THE TASK -> In the records that follow, find the line with "#205=EDGE_LOOP('',(#169,#170,#178,#187,#193,#194,#202,#204));"; from there, retype every line exactly through the line with "#219=LINE('',#218,#217);", which also belongs to the answer.

GIVEN INFORMATION ->

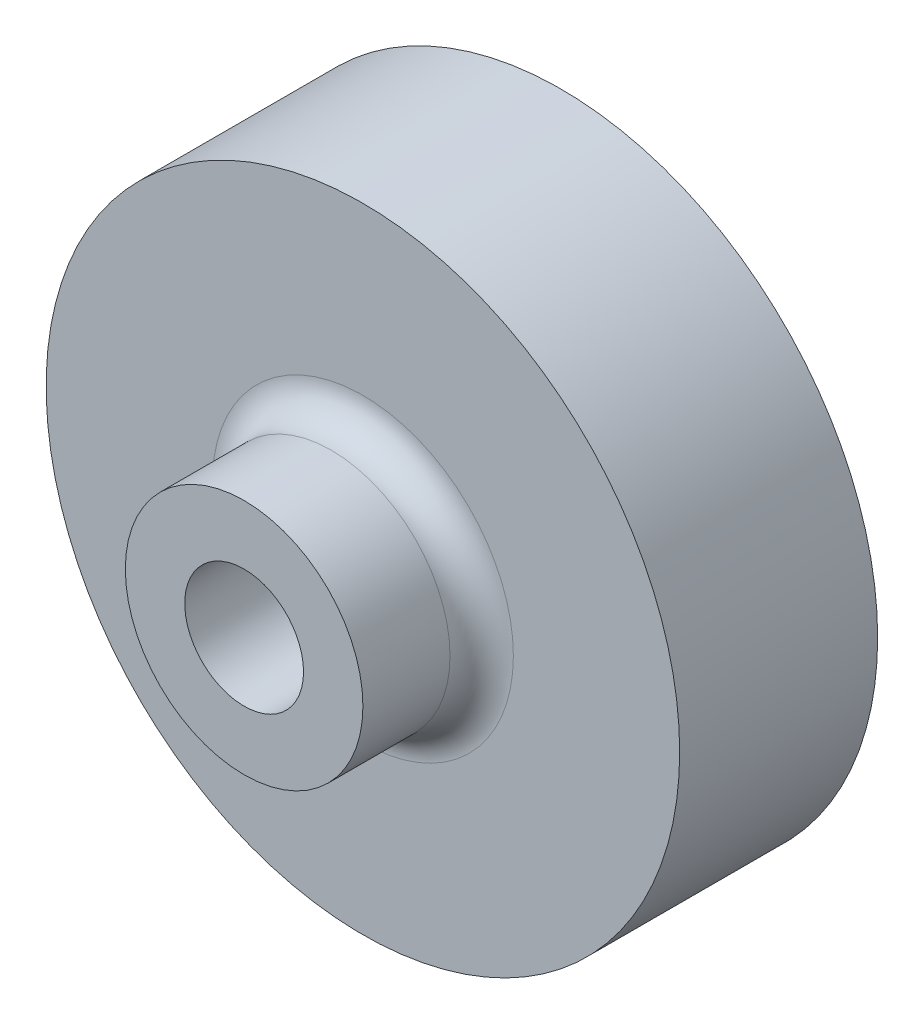
ISO-10303-21;
HEADER;
FILE_DESCRIPTION(('STEP AP214'),'2;1');
FILE_NAME('part.step','',(''),(''),'','','');
FILE_SCHEMA(('AUTOMOTIVE_DESIGN { 1 0 10303 214 1 1 1 1 }'));
ENDSEC;
DATA;
#1=APPLICATION_CONTEXT('core data for automotive mechanical design processes');
#2=APPLICATION_PROTOCOL_DEFINITION('international standard','automotive_design',2000,#1);
#3=PRODUCT_CONTEXT('',#1,'mechanical');
#4=PRODUCT('Part','Part','',(#3));
#5=PRODUCT_RELATED_PRODUCT_CATEGORY('part','',(#4));
#6=PRODUCT_DEFINITION_FORMATION('','',#4);
#7=PRODUCT_DEFINITION_CONTEXT('part definition',#1,'design');
#8=PRODUCT_DEFINITION('design','',#6,#7);
#9=PRODUCT_DEFINITION_SHAPE('','',#8);
#10=(LENGTH_UNIT() NAMED_UNIT(*) SI_UNIT(.MILLI.,.METRE.));
#11=(NAMED_UNIT(*) PLANE_ANGLE_UNIT() SI_UNIT($,.RADIAN.));
#12=(NAMED_UNIT(*) SI_UNIT($,.STERADIAN.) SOLID_ANGLE_UNIT());
#13=UNCERTAINTY_MEASURE_WITH_UNIT(LENGTH_MEASURE(1.E-05),#10,'distance_accuracy_value','');
#14=(GEOMETRIC_REPRESENTATION_CONTEXT(3) GLOBAL_UNCERTAINTY_ASSIGNED_CONTEXT((#13)) GLOBAL_UNIT_ASSIGNED_CONTEXT((#10,
#11,#12)) REPRESENTATION_CONTEXT('',''));
#15=CARTESIAN_POINT('',(0.,0.,0.));
#16=DIRECTION('',(0.,0.,1.));
#17=DIRECTION('',(1.,0.,0.));
#18=AXIS2_PLACEMENT_3D('',#15,#16,#17);
#19=CARTESIAN_POINT('',(0.,0.,15.875));
#20=DIRECTION('',(0.,0.,-1.));
#21=DIRECTION('',(-1.,0.,0.));
#22=AXIS2_PLACEMENT_3D('',#19,#20,#21);
#23=CYLINDRICAL_SURFACE('',#22,25.4);
#24=CARTESIAN_POINT('',(0.,0.,15.875));
#25=DIRECTION('',(0.,0.,1.));
#26=DIRECTION('',(1.,0.,0.));
#27=AXIS2_PLACEMENT_3D('',#24,#25,#26);
#28=CIRCLE('',#27,25.4);
#29=CARTESIAN_POINT('',(25.4,0.,15.875));
#30=VERTEX_POINT('',#29);
#31=EDGE_CURVE('E104',#30,#30,#28,.T.);
#32=ORIENTED_EDGE('',*,*,#31,.F.);
#33=EDGE_LOOP('',(#32));
#34=FACE_BOUND('',#33,.T.);
#35=CARTESIAN_POINT('',(0.,0.,0.));
#36=DIRECTION('',(0.,0.,1.));
#37=DIRECTION('',(1.,0.,0.));
#38=AXIS2_PLACEMENT_3D('',#35,#36,#37);
#39=CIRCLE('',#38,25.4);
#40=CARTESIAN_POINT('',(25.4,0.,0.));
#41=VERTEX_POINT('',#40);
#42=EDGE_CURVE('E102',#41,#41,#39,.T.);
#43=ORIENTED_EDGE('',*,*,#42,.T.);
#44=EDGE_LOOP('',(#43));
#45=FACE_BOUND('',#44,.T.);
#46=ADVANCED_FACE('F33',(#34,#45),#23,.T.);
#47=CARTESIAN_POINT('',(0.,0.,15.875));
#48=DIRECTION('',(0.,0.,1.));
#49=DIRECTION('',(1.,0.,0.));
#50=AXIS2_PLACEMENT_3D('',#47,#48,#49);
#51=PLANE('',#50);
#52=CARTESIAN_POINT('',(0.,0.,15.875));
#53=DIRECTION('',(0.,0.,1.));
#54=DIRECTION('',(1.,0.,0.));
#55=AXIS2_PLACEMENT_3D('',#52,#53,#54);
#56=CIRCLE('',#55,12.065);
#57=CARTESIAN_POINT('',(12.065,0.,15.875));
#58=VERTEX_POINT('',#57);
#59=EDGE_CURVE('E11',#58,#58,#56,.F.);
#60=ORIENTED_EDGE('',*,*,#59,.T.);
#61=EDGE_LOOP('',(#60));
#62=FACE_BOUND('',#61,.T.);
#63=ORIENTED_EDGE('',*,*,#31,.T.);
#64=EDGE_LOOP('',(#63));
#65=FACE_BOUND('',#64,.T.);
#66=ADVANCED_FACE('F126',(#62,#65),#51,.T.);
#67=CARTESIAN_POINT('',(0.,0.,0.));
#68=DIRECTION('',(0.,0.,1.));
#69=DIRECTION('',(1.,0.,0.));
#70=AXIS2_PLACEMENT_3D('',#67,#68,#69);
#71=PLANE('',#70);
#72=DIRECTION('',(0.,-1.,0.));
#73=VECTOR('',#72,1.);
#74=CARTESIAN_POINT('',(1.27,0.,0.));
#75=LINE('',#74,#73);
#76=CARTESIAN_POINT('',(1.27,4.5900442535993,0.));
#77=VERTEX_POINT('',#76);
#78=CARTESIAN_POINT('',(1.27,-4.59004425359931,0.));
#79=VERTEX_POINT('',#78);
#80=EDGE_CURVE('E47',#77,#79,#75,.T.);
#81=ORIENTED_EDGE('',*,*,#80,.T.);
#82=CARTESIAN_POINT('',(0.,0.,0.));
#83=DIRECTION('',(0.,0.,1.));
#84=DIRECTION('',(1.,0.,0.));
#85=AXIS2_PLACEMENT_3D('',#82,#83,#84);
#86=CIRCLE('',#85,4.7625);
#87=EDGE_CURVE('E94',#79,#77,#86,.T.);
#88=ORIENTED_EDGE('',*,*,#87,.T.);
#89=EDGE_LOOP('',(#81,#88));
#90=FACE_BOUND('',#89,.T.);
#91=DIRECTION('',(0.,1.,0.));
#92=VECTOR('',#91,1.);
#93=CARTESIAN_POINT('',(-1.27,4.7625,0.));
#94=LINE('',#93,#92);
#95=CARTESIAN_POINT('',(-1.27,-4.5900442535993,0.));
#96=VERTEX_POINT('',#95);
#97=CARTESIAN_POINT('',(-1.27,4.59004425359931,0.));
#98=VERTEX_POINT('',#97);
#99=EDGE_CURVE('E54',#96,#98,#94,.T.);
#100=ORIENTED_EDGE('',*,*,#99,.T.);
#101=EDGE_CURVE('E86',#98,#96,#86,.T.);
#102=ORIENTED_EDGE('',*,*,#101,.T.);
#103=EDGE_LOOP('',(#100,#102));
#104=FACE_BOUND('',#103,.T.);
#105=ORIENTED_EDGE('',*,*,#42,.F.);
#106=EDGE_LOOP('',(#105));
#107=FACE_BOUND('',#106,.T.);
#108=ADVANCED_FACE('F91',(#90,#104,#107),#71,.F.);
#109=CARTESIAN_POINT('',(0.,0.,25.4));
#110=DIRECTION('',(0.,0.,1.));
#111=DIRECTION('',(1.,0.,0.));
#112=AXIS2_PLACEMENT_3D('',#109,#110,#111);
#113=PLANE('',#112);
#114=CARTESIAN_POINT('',(0.,0.,25.4));
#115=DIRECTION('',(0.,0.,1.));
#116=DIRECTION('',(1.,0.,0.));
#117=AXIS2_PLACEMENT_3D('',#114,#115,#116);
#118=CIRCLE('',#117,9.525);
#119=CARTESIAN_POINT('',(9.525,0.,25.4));
#120=VERTEX_POINT('',#119);
#121=EDGE_CURVE('E97',#120,#120,#118,.T.);
#122=ORIENTED_EDGE('',*,*,#121,.T.);
#123=EDGE_LOOP('',(#122));
#124=FACE_BOUND('',#123,.T.);
#125=CARTESIAN_POINT('',(0.,0.,25.4));
#126=DIRECTION('',(0.,0.,1.));
#127=DIRECTION('',(1.,0.,0.));
#128=AXIS2_PLACEMENT_3D('',#125,#126,#127);
#129=CIRCLE('',#128,4.7625);
#130=CARTESIAN_POINT('',(4.7625,0.,25.4));
#131=VERTEX_POINT('',#130);
#132=EDGE_CURVE('E93',#131,#131,#129,.T.);
#133=ORIENTED_EDGE('',*,*,#132,.F.);
#134=EDGE_LOOP('',(#133));
#135=FACE_BOUND('',#134,.T.);
#136=ADVANCED_FACE('F137',(#124,#135),#113,.T.);
#137=CARTESIAN_POINT('',(0.,0.,25.4));
#138=DIRECTION('',(0.,0.,-1.));
#139=DIRECTION('',(-1.,0.,0.));
#140=AXIS2_PLACEMENT_3D('',#137,#138,#139);
#141=CYLINDRICAL_SURFACE('',#140,9.525);
#142=CARTESIAN_POINT('',(0.,0.,18.415));
#143=DIRECTION('',(0.,0.,1.));
#144=DIRECTION('',(1.,0.,0.));
#145=AXIS2_PLACEMENT_3D('',#142,#143,#144);
#146=CIRCLE('',#145,9.525);
#147=CARTESIAN_POINT('',(9.525,0.,18.415));
#148=VERTEX_POINT('',#147);
#149=EDGE_CURVE('E41',#148,#148,#146,.T.);
#150=ORIENTED_EDGE('',*,*,#149,.T.);
#151=EDGE_LOOP('',(#150));
#152=FACE_BOUND('',#151,.T.);
#153=ORIENTED_EDGE('',*,*,#121,.F.);
#154=EDGE_LOOP('',(#153));
#155=FACE_BOUND('',#154,.T.);
#156=ADVANCED_FACE('F114',(#152,#155),#141,.T.);
#157=CARTESIAN_POINT('',(0.,0.,25.4));
#158=DIRECTION('',(0.,0.,-1.));
#159=DIRECTION('',(-1.,0.,0.));
#160=AXIS2_PLACEMENT_3D('',#157,#158,#159);
#161=CYLINDRICAL_SURFACE('',#160,4.7625);
#162=DIRECTION('',(0.,0.,-1.));
#163=VECTOR('',#162,1.);
#164=CARTESIAN_POINT('',(1.27,4.5900442535993,25.4));
#165=LINE('',#164,#163);
#166=CARTESIAN_POINT('',(1.27,4.5900442535993,3.175));
#167=VERTEX_POINT('',#166);
#168=EDGE_CURVE('E109',#77,#167,#165,.F.);
#169=ORIENTED_EDGE('',*,*,#168,.F.);
#170=ORIENTED_EDGE('',*,*,#87,.F.);
#171=DIRECTION('',(0.,0.,-1.));
#172=VECTOR('',#171,1.);
#173=CARTESIAN_POINT('',(1.27,-4.5900442535993,25.4));
#174=LINE('',#173,#172);
#175=CARTESIAN_POINT('',(1.27,-4.5900442535993,3.175));
#176=VERTEX_POINT('',#175);
#177=EDGE_CURVE('E89',#176,#79,#174,.T.);
#178=ORIENTED_EDGE('',*,*,#177,.F.);
#179=CARTESIAN_POINT('',(0.,0.,3.175));
#180=DIRECTION('',(0.,0.,1.));
#181=DIRECTION('',(1.,0.,0.));
#182=AXIS2_PLACEMENT_3D('',#179,#180,#181);
#183=CIRCLE('',#182,4.7625);
#184=CARTESIAN_POINT('',(-1.27,-4.5900442535993,3.175));
#185=VERTEX_POINT('',#184);
#186=EDGE_CURVE('E88',#185,#176,#183,.T.);
#187=ORIENTED_EDGE('',*,*,#186,.F.);
#188=DIRECTION('',(0.,0.,-1.));
#189=VECTOR('',#188,1.);
#190=CARTESIAN_POINT('',(-1.27,-4.5900442535993,25.4));
#191=LINE('',#190,#189);
#192=EDGE_CURVE('E76',#96,#185,#191,.F.);
#193=ORIENTED_EDGE('',*,*,#192,.F.);
#194=ORIENTED_EDGE('',*,*,#101,.F.);
#195=DIRECTION('',(0.,0.,-1.));
#196=VECTOR('',#195,1.);
#197=CARTESIAN_POINT('',(-1.27,4.5900442535993,25.4));
#198=LINE('',#197,#196);
#199=CARTESIAN_POINT('',(-1.27,4.5900442535993,3.175));
#200=VERTEX_POINT('',#199);
#201=EDGE_CURVE('E79',#200,#98,#198,.T.);
#202=ORIENTED_EDGE('',*,*,#201,.F.);
#203=EDGE_CURVE('E105',#167,#200,#183,.T.);
#204=ORIENTED_EDGE('',*,*,#203,.F.);
#205=EDGE_LOOP('',(#169,#170,#178,#187,#193,#194,#202,#204));
#206=FACE_BOUND('',#205,.T.);
#207=ORIENTED_EDGE('',*,*,#132,.T.);
#208=EDGE_LOOP('',(#207));
#209=FACE_BOUND('',#208,.T.);
#210=ADVANCED_FACE('F84',(#206,#209),#161,.F.);
#211=CARTESIAN_POINT('',(0.,0.,3.175));
#212=DIRECTION('',(0.,0.,1.));
#213=DIRECTION('',(1.,0.,0.));
#214=AXIS2_PLACEMENT_3D('',#211,#212,#213);
#215=PLANE('',#214);
#216=DIRECTION('',(0.,-1.,0.));
#217=VECTOR('',#216,1.);
#218=CARTESIAN_POINT('',(1.27,4.7625,3.175));
#219=LINE('',#218,#217);
#220=EDGE_CURVE('E99',#167,#176,#219,.T.);
#221=ORIENTED_EDGE('',*,*,#220,.F.);
#222=ORIENTED_EDGE('',*,*,#203,.T.);
#223=DIRECTION('',(0.,1.,0.));
#224=VECTOR('',#223,1.);
#225=CARTESIAN_POINT('',(-1.27,-4.7625,3.175));
#226=LINE('',#225,#224);
#227=EDGE_CURVE('E156',#185,#200,#226,.T.);
#228=ORIENTED_EDGE('',*,*,#227,.F.);
#229=ORIENTED_EDGE('',*,*,#186,.T.);
#230=EDGE_LOOP('',(#221,#222,#228,#229));
#231=FACE_BOUND('',#230,.T.);
#232=ADVANCED_FACE('F145',(#231),#215,.T.);
#233=CARTESIAN_POINT('',(1.27,0.,3.175));
#234=DIRECTION('',(1.,0.,0.));
#235=DIRECTION('',(0.,0.,-1.));
#236=AXIS2_PLACEMENT_3D('',#233,#234,#235);
#237=PLANE('',#236);
#238=ORIENTED_EDGE('',*,*,#220,.T.);
#239=ORIENTED_EDGE('',*,*,#177,.T.);
#240=ORIENTED_EDGE('',*,*,#80,.F.);
#241=ORIENTED_EDGE('',*,*,#168,.T.);
#242=EDGE_LOOP('',(#238,#239,#240,#241));
#243=FACE_BOUND('',#242,.T.);
#244=ADVANCED_FACE('F122',(#243),#237,.T.);
#245=CARTESIAN_POINT('',(-1.27,4.7625,3.175));
#246=DIRECTION('',(-1.,0.,0.));
#247=DIRECTION('',(0.,0.,1.));
#248=AXIS2_PLACEMENT_3D('',#245,#246,#247);
#249=PLANE('',#248);
#250=ORIENTED_EDGE('',*,*,#227,.T.);
#251=ORIENTED_EDGE('',*,*,#201,.T.);
#252=ORIENTED_EDGE('',*,*,#99,.F.);
#253=ORIENTED_EDGE('',*,*,#192,.T.);
#254=EDGE_LOOP('',(#250,#251,#252,#253));
#255=FACE_BOUND('',#254,.T.);
#256=ADVANCED_FACE('F75',(#255),#249,.T.);
#257=CARTESIAN_POINT('',(0.,0.,18.415));
#258=DIRECTION('',(0.,0.,1.));
#259=DIRECTION('',(1.,0.,0.));
#260=AXIS2_PLACEMENT_3D('',#257,#258,#259);
#261=TOROIDAL_SURFACE('',#260,12.065,2.54);
#262=ORIENTED_EDGE('',*,*,#59,.F.);
#263=EDGE_LOOP('',(#262));
#264=FACE_BOUND('',#263,.T.);
#265=ORIENTED_EDGE('',*,*,#149,.F.);
#266=EDGE_LOOP('',(#265));
#267=FACE_BOUND('',#266,.T.);
#268=ADVANCED_FACE('F35',(#264,#267),#261,.F.);
#269=CLOSED_SHELL('',(#46,#66,#108,#136,#156,#210,#232,#244,#256,#268));
#270=MANIFOLD_SOLID_BREP('B2',#269);
#271=ADVANCED_BREP_SHAPE_REPRESENTATION('',(#18,#270),#14);
#272=SHAPE_DEFINITION_REPRESENTATION(#9,#271);
ENDSEC;
END-ISO-10303-21;

EXERCISE SOLUTION ->
#205=EDGE_LOOP('',(#169,#170,#178,#187,#193,#194,#202,#204));
#206=FACE_BOUND('',#205,.T.);
#207=ORIENTED_EDGE('',*,*,#132,.T.);
#208=EDGE_LOOP('',(#207));
#209=FACE_BOUND('',#208,.T.);
#210=ADVANCED_FACE('F84',(#206,#209),#161,.F.);
#211=CARTESIAN_POINT('',(0.,0.,3.175));
#212=DIRECTION('',(0.,0.,1.));
#213=DIRECTION('',(1.,0.,0.));
#214=AXIS2_PLACEMENT_3D('',#211,#212,#213);
#215=PLANE('',#214);
#216=DIRECTION('',(0.,-1.,0.));
#217=VECTOR('',#216,1.);
#218=CARTESIAN_POINT('',(1.27,4.7625,3.175));
#219=LINE('',#218,#217);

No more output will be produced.